Ask HN: How do you set lifetime pricing for your products? - gnicholas
We have a product that is charged via annual subscription. Some customers have asked for lifetime pricing, so we&#x27;re considering adding this option.<p>But we&#x27;re not sure what the right multiple should be. It has to be low enough that the customer thinks they&#x27;ll save money in the long term, but high enough that the benefit of revenue acceleration outweighs the potential lost revenue.
======
WorldMaker
A magic number multiple I've seen a lot is 5 years.

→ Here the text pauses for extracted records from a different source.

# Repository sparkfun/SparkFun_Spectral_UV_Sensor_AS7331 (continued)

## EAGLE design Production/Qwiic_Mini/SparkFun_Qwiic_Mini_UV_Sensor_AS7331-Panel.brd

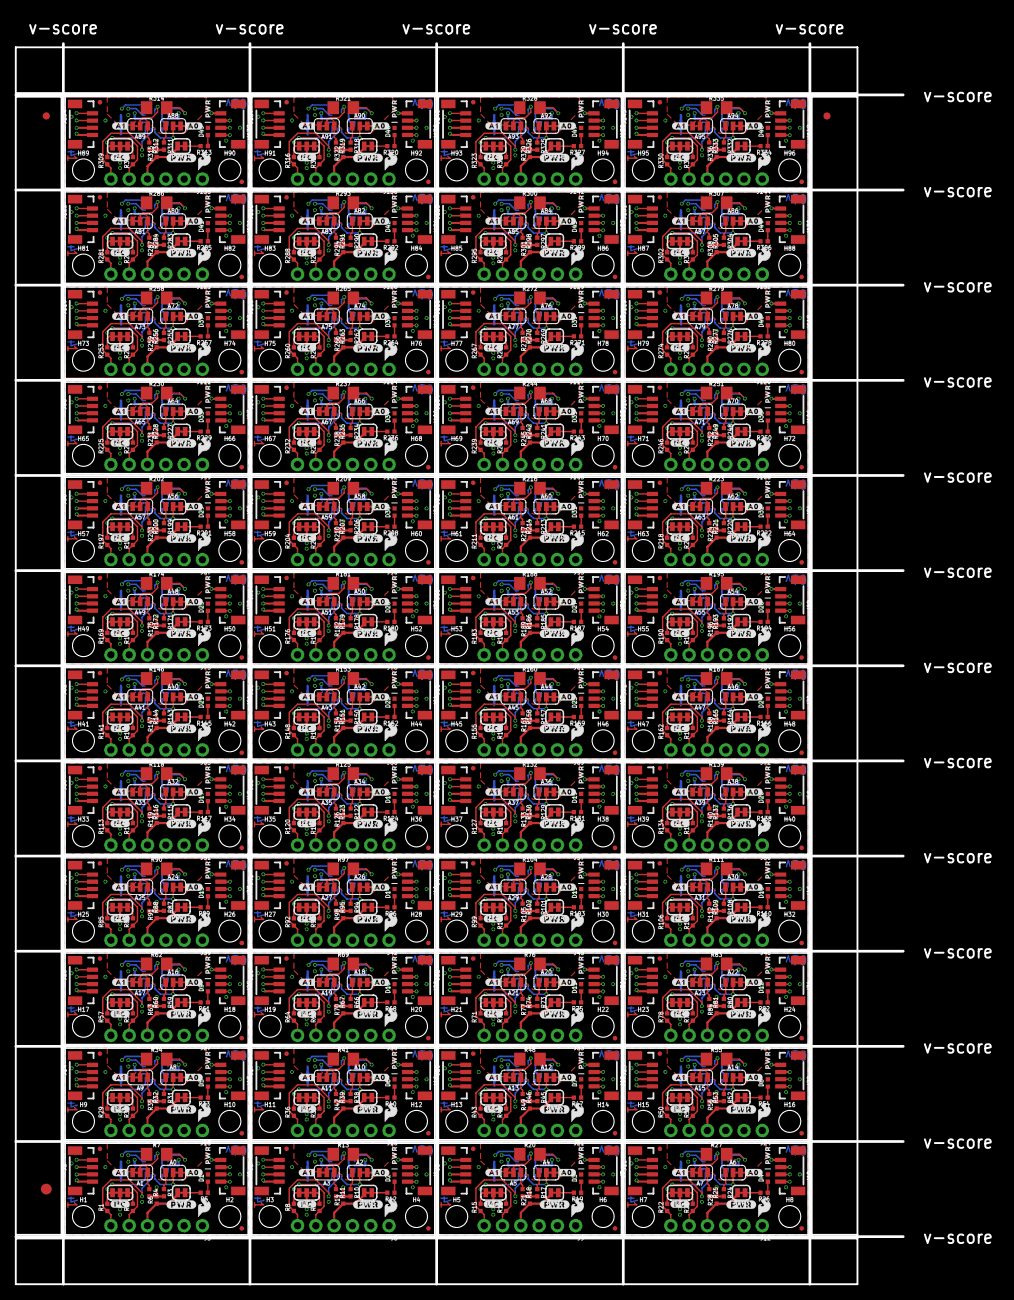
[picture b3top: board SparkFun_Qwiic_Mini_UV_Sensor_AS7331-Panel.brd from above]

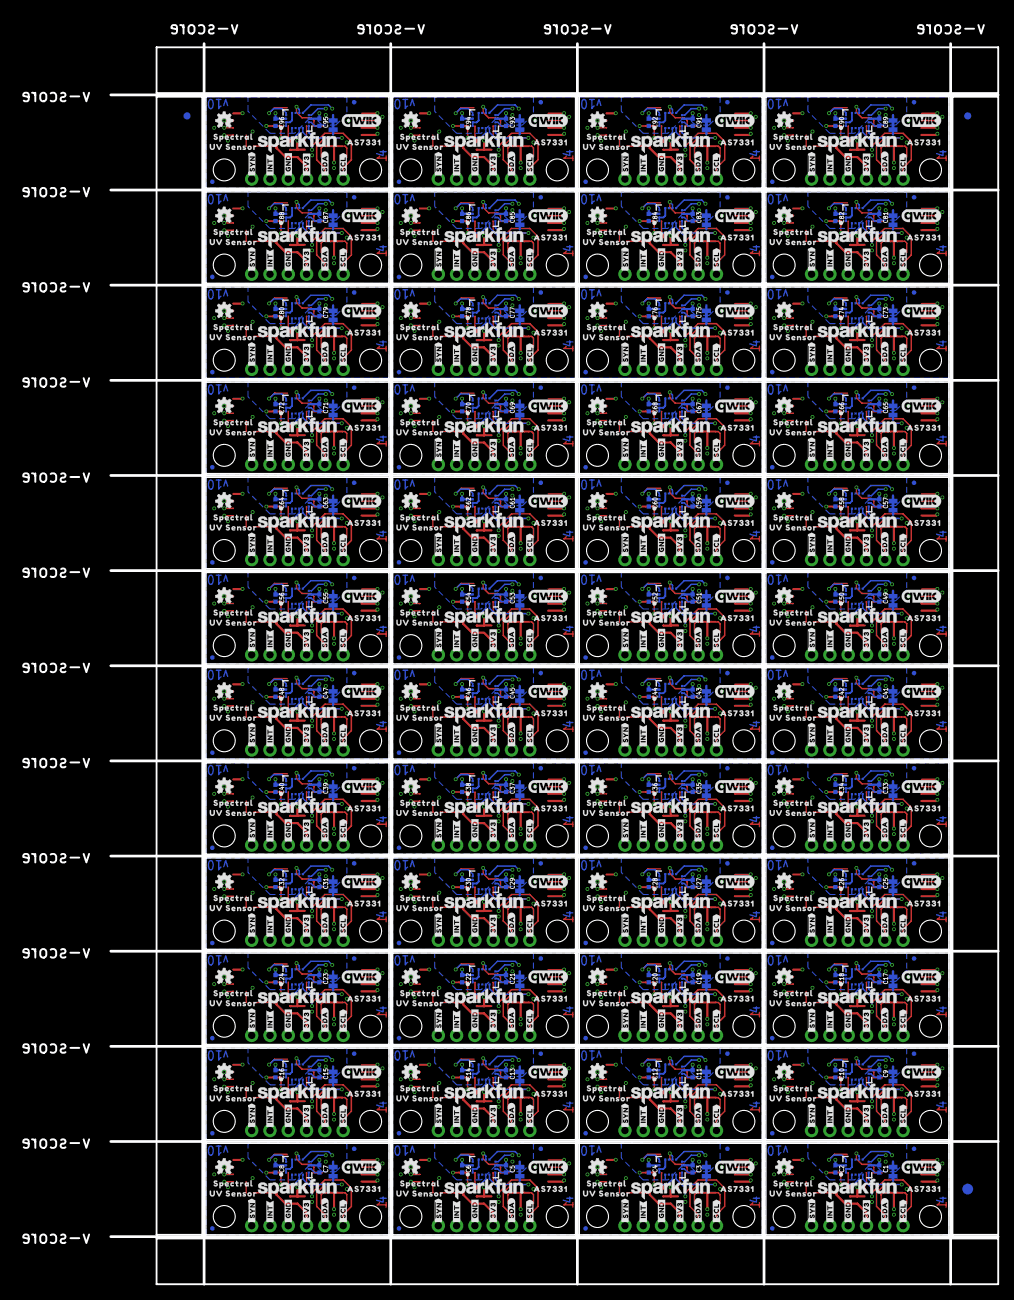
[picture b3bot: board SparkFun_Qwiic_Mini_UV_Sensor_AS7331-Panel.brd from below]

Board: 4 copper layers, 123.2 x 172.2 mm, 2070 parts (867 on the bottom side), 816 nets.

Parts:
A0, A1, A2, A3, A4, A5, A6, A7, A8, A9, A10, A11, A12, A13, A14, A15, A16, A17, A18, A19, A20, A21, A22, A23, A24, A25, A26, A27, A28, A29, A30, A31, A32, A33, A34, A35, A36, A37, A38, A39, A40, A41, A42, A43, A44, A45, A46, A47, A48, A49, A50, A51, A52, A53, A54, A55, A56, A57, A58, A59, A60, A61, A62, A63, A64, A65, A66, A67, A68, A69, A70, A71, A72, A73, A74, A75, A76, A77, A78, A79, A80, A81, A82, A83, A84, A85, A86, A87, A88, A89, A90, A91, A92, A93, A94, A95: JUMPER-SMT_3_1-NC_TRACE_SILK; SMT-JUMPER_3_1-NC_TRACE_SILK
C1, C2, C3, C4, C5, C6, C7, C8, C9, C10, C11, C12, C13, C14, C15, C16, C17, C18, C19, C20, C21, C22, C23, C24, C25, C26, C27, C28, C29, C30, C31, C32, C33, C34, C35, C36, C37, C38, C39, C40, C41, C42, C43, C44, C45, C46, C47, C48, C49, C50, C51, C52, C53, C54, C55, C56, C57, C58, C59, C60, C61, C62, C63, C64, C65, C66, C67, C68, C69, C70, C71, C72, C73, C74, C75, C76, C77, C78, C79, C80, C81, C82, C83, C84, C85, C86, C87, C88, C89, C90, C91, C92, C93, C94, C95, C96: 0.1uF; 0402-TIGHT
D1, D2, D3, D4, D5, D6, D7, D8, D9, D10, D11, D12, D13, D14, D15, D16, D17, D18, D19, D20, D21, D22, D23, D24, D25, D26, D27, D28, D29, D30, D31, D32, D33, D34, D35, D36, D37, D38, D39, D40, D41, D42, D43, D44, D45, D46, D47, D48: RED; LED-0402
E$1, E$2, E$3, E$4: FIDUCIAL-1X2
E$5, E$6: FIDUCIAL-1.5X3
FD1, FD2, FD3, FD4, FD5, FD6, FD7, FD8, FD9, FD10, FD11, FD12, FD13, FD14, FD15, FD16, FD17, FD18, FD19, FD20, FD21, FD22, FD23, FD24, FD25, FD26, FD27, FD28, FD29, FD30, FD31, FD32, FD33, FD34, FD35, FD36, FD37, FD38, FD39, FD40, FD41, FD42, FD43, FD44, FD45, FD46, FD47, FD48, FD49, FD50, FD51, FD52, FD53, FD54, FD55, FD56, FD57, FD58, FD59, FD60, FD61, FD62, FD63, FD64, FD65, FD66, FD67, FD68, FD69, FD70, FD71, FD72, FD73, FD74, FD75, FD76, FD77, FD78, FD79, FD80, FD81, FD82, FD83, FD84, FD85, FD86, FD87, FD88, FD89, FD90, FD91, FD92, FD93, FD94, FD95, FD96, FD97, FD98, FD99, FD100, FD101, FD102, FD103, FD104, FD105, FD106, FD107, FD108, FD109, FD110, FD111, FD112, FD113, FD114, FD115, FD116, FD117, FD118, FD119, FD120, FD121, FD122, FD123, FD124, FD125, FD126, FD127, FD128, FD129, FD130, FD131, FD132, FD133, FD134, FD135, FD136, FD137, FD138, FD139, FD140, FD141, FD142, FD143, FD144, FD145, FD146, FD147, FD148, FD149, FD150, FD151, FD152, FD153, FD154, FD155, FD156, FD157, FD158, FD159, FD160, FD161, FD162, FD163, FD164, FD165, FD166, FD167, FD168, FD169, FD170, FD171, FD172, FD173, FD174, FD175, FD176, FD177, FD178, FD179, FD180, FD181, FD182, FD183, FD184, FD185, FD186, FD187, FD188, FD189, FD190, FD191, FD192: FIDUCIALUFIDUCIAL; FIDUCIAL-MICRO
H1, H2, H3, H4, H5, H6, H7, H8, H9, H10, H11, H12, H13, H14, H15, H16, H17, H18, H19, H20, H21, H22, H23, H24, H25, H26, H27, H28, H29, H30, H31, H32, H33, H34, H35, H36, H37, H38, H39, H40, H41, H42, H43, H44, H45, H46, H47, H48, H49, H50, H51, H52, H53, H54, H55, H56, H57, H58, H59, H60, H61, H62, H63, H64, H65, H66, H67, H68, H69, H70, H71, H72, H73, H74, H75, H76, H77, H78, H79, H80, H81, H82, H83, H84, H85, H86, H87, H88, H89, H90, H91, H92, H93, H94, H95, H96: STAND-OFFTIGHT; STAND-OFF-TIGHT
I2C, I2C1, I2C2, I2C3, I2C4, I2C5, I2C6, I2C7, I2C8, I2C9, I2C10, I2C11, I2C12, I2C13, I2C14, I2C15, I2C16, I2C17, I2C18, I2C19, I2C20, I2C21, I2C22, I2C23, I2C24, I2C25, I2C26, I2C27, I2C28, I2C29, I2C30, I2C31, I2C32, I2C33, I2C34, I2C35, I2C36, I2C37, I2C38, I2C39, I2C40, I2C41, I2C42, I2C43, I2C44, I2C45, I2C46, I2C47: JUMPER-SMT_3_2-NC_TRACE_SILK; SMT-JUMPER_3_2-NC_TRACE_SILK
J1, J2, J4, J5, J7, J8, J10, J11, J13, J14, J16, J17, J19, J20, J22, J23, J25, J26, J28, J29, J31, J32, J34, J35, J37, J38, J40, J41, J43, J44, J46, J47, J49, J50, J52, J53, J55, J56, J58, J59, J61, J62, J64, J65, J67, J68, J70, J71, J73, J74, J76, J77, J79, J80, J82, J83, J85, J86, J88, J89, J91, J92, J94, J95, J97, J98, J100, J101, J103, J104, J106, J107, J109, J110, J112, J113, J115, J116, J118, J119, J121, J122, J124, J125, J127, J128, J130, J131, J133, J134, J136, J137, J139, J140, J142, J143: Qwiic Vert; JST04_1MM_VERT
J3, J6, J9, J12, J15, J18, J21, J24, J27, J30, J33, J36, J39, J42, J45, J48, J51, J54, J57, J60, J63, J66, J69, J72, J75, J78, J81, J84, J87, J90, J93, J96, J99, J102, J105, J108, J111, J114, J117, J120, J123, J126, J129, J132, J135, J138, J141, J144: 1X06_NO_SILK
LOGO1, LOGO5, LOGO9, LOGO13, LOGO17, LOGO21, LOGO25, LOGO29, LOGO33, LOGO37, LOGO41, LOGO45, LOGO49, LOGO53, LOGO57, LOGO61, LOGO65, LOGO69, LOGO73, LOGO77, LOGO81, LOGO85, LOGO89, LOGO93, LOGO97, LOGO101, LOGO105, LOGO109, LOGO113, LOGO117, LOGO121, LOGO125, LOGO129, LOGO133, LOGO137, LOGO141, LOGO145, LOGO149, LOGO153, LOGO157, LOGO161, LOGO165, LOGO169, LOGO173, LOGO177, LOGO181, LOGO185, LOGO189: SFE_LOGO_NAME.1_INCH; SFE_LOGO_NAME_.1
LOGO2, LOGO6, LOGO10, LOGO14, LOGO18, LOGO22, LOGO26, LOGO30, LOGO34, LOGO38, LOGO42, LOGO46, LOGO50, LOGO54, LOGO58, LOGO62, LOGO66, LOGO70, LOGO74, LOGO78, LOGO82, LOGO86, LOGO90, LOGO94, LOGO98, LOGO102, LOGO106, LOGO110, LOGO114, LOGO118, LOGO122, LOGO126, LOGO130, LOGO134, LOGO138, LOGO142, LOGO146, LOGO150, LOGO154, LOGO158, LOGO162, LOGO166, LOGO170, LOGO174, LOGO178, LOGO182, LOGO186, LOGO190: QWIIC_LOGO_CONNECTOR; QWIIC_5.5MM
LOGO3, LOGO7, LOGO11, LOGO15, LOGO19, LOGO23, LOGO27, LOGO31, LOGO35, LOGO39, LOGO43, LOGO47, LOGO51, LOGO55, LOGO59, LOGO63, LOGO67, LOGO71, LOGO75, LOGO79, LOGO83, LOGO87, LOGO91, LOGO95, LOGO99, LOGO103, LOGO107, LOGO111, LOGO115, LOGO119, LOGO123, LOGO127, LOGO131, LOGO135, LOGO139, LOGO143, LOGO147, LOGO151, LOGO155, LOGO159, LOGO163, LOGO167, LOGO171, LOGO175, LOGO179, LOGO183, LOGO187, LOGO191: OSHW-LOGOMINI; OSHW-LOGO-MINI
LOGO4, LOGO8, LOGO12, LOGO16, LOGO20, LOGO24, LOGO28, LOGO32, LOGO36, LOGO40, LOGO44, LOGO48, LOGO52, LOGO56, LOGO60, LOGO64, LOGO68, LOGO72, LOGO76, LOGO80, LOGO84, LOGO88, LOGO92, LOGO96, LOGO100, LOGO104, LOGO108, LOGO112, LOGO116, LOGO120, LOGO124, LOGO128, LOGO132, LOGO136, LOGO140, LOGO144, LOGO148, LOGO152, LOGO156, LOGO160, LOGO164, LOGO168, LOGO172, LOGO176, LOGO180, LOGO184, LOGO188, LOGO192: SFE_LOGO_FLAME.1_INCH; SFE_LOGO_FLAME_.1
PWR, PWR1, PWR2, PWR3, PWR4, PWR5, PWR6, PWR7, PWR8, PWR9, PWR10, PWR11, PWR12, PWR13, PWR14, PWR15, PWR16, PWR17, PWR18, PWR19, PWR20, PWR21, PWR22, PWR23, PWR24, PWR25, PWR26, PWR27, PWR28, PWR29, PWR30, PWR31, PWR32, PWR33, PWR34, PWR35, PWR36, PWR37, PWR38, PWR39, PWR40, PWR41, PWR42, PWR43, PWR44, PWR45, PWR46, PWR47: JUMPER-SMT_2_NC_TRACE_SILK; SMT-JUMPER_2_NC_TRACE_SILK
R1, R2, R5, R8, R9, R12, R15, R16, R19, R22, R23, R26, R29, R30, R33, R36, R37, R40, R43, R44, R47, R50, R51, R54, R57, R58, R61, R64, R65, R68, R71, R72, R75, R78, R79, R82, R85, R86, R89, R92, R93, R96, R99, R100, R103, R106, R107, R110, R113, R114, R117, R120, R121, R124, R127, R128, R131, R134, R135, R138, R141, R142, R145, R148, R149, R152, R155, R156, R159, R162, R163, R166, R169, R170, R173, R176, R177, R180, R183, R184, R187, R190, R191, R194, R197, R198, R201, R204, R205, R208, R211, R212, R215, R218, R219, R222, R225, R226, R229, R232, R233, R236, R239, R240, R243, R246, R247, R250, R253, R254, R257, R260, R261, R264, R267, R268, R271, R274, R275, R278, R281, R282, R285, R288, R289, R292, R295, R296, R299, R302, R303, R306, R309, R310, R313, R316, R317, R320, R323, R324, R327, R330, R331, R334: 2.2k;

It's a relatively low number, so even if we don't know the exact reasoning for
why that particular number is somewhat common, it's a useful benchmark to
consider.

Some things that are useful to consider is your own time horizon before asking
others to consider theirs. What is the expected lifetime of your product? Do
you think you may even be around in 5 years? 10 years?

It doesn't make sense or seem fair to sell a lifetime subscription for 10
years if you expect the product to not exist in 5 years time, or even just if
it may be surprisingly different in 5 years time if you have an expectation to
pivot.

A lifetime subscription should show some commitment from you as well: how long
do you plan to exist, how long do you plan for your product to exist, how long
do you expect to service/maintain the product?

It can be a strong statement to say: we expect this product to be around in 10
years and we're going to give you the equivalent to a 50% discount if you want
to pay for 5 years upfront and get a lifetime subscription.

10 years is a big commitment. Even 5 years can be a big commitment for many
projects. The lifetime pricing should reflect the time commitment you expect
for your product as much as it should reflect what you think the market of
your customers that are interested in the offer might bear.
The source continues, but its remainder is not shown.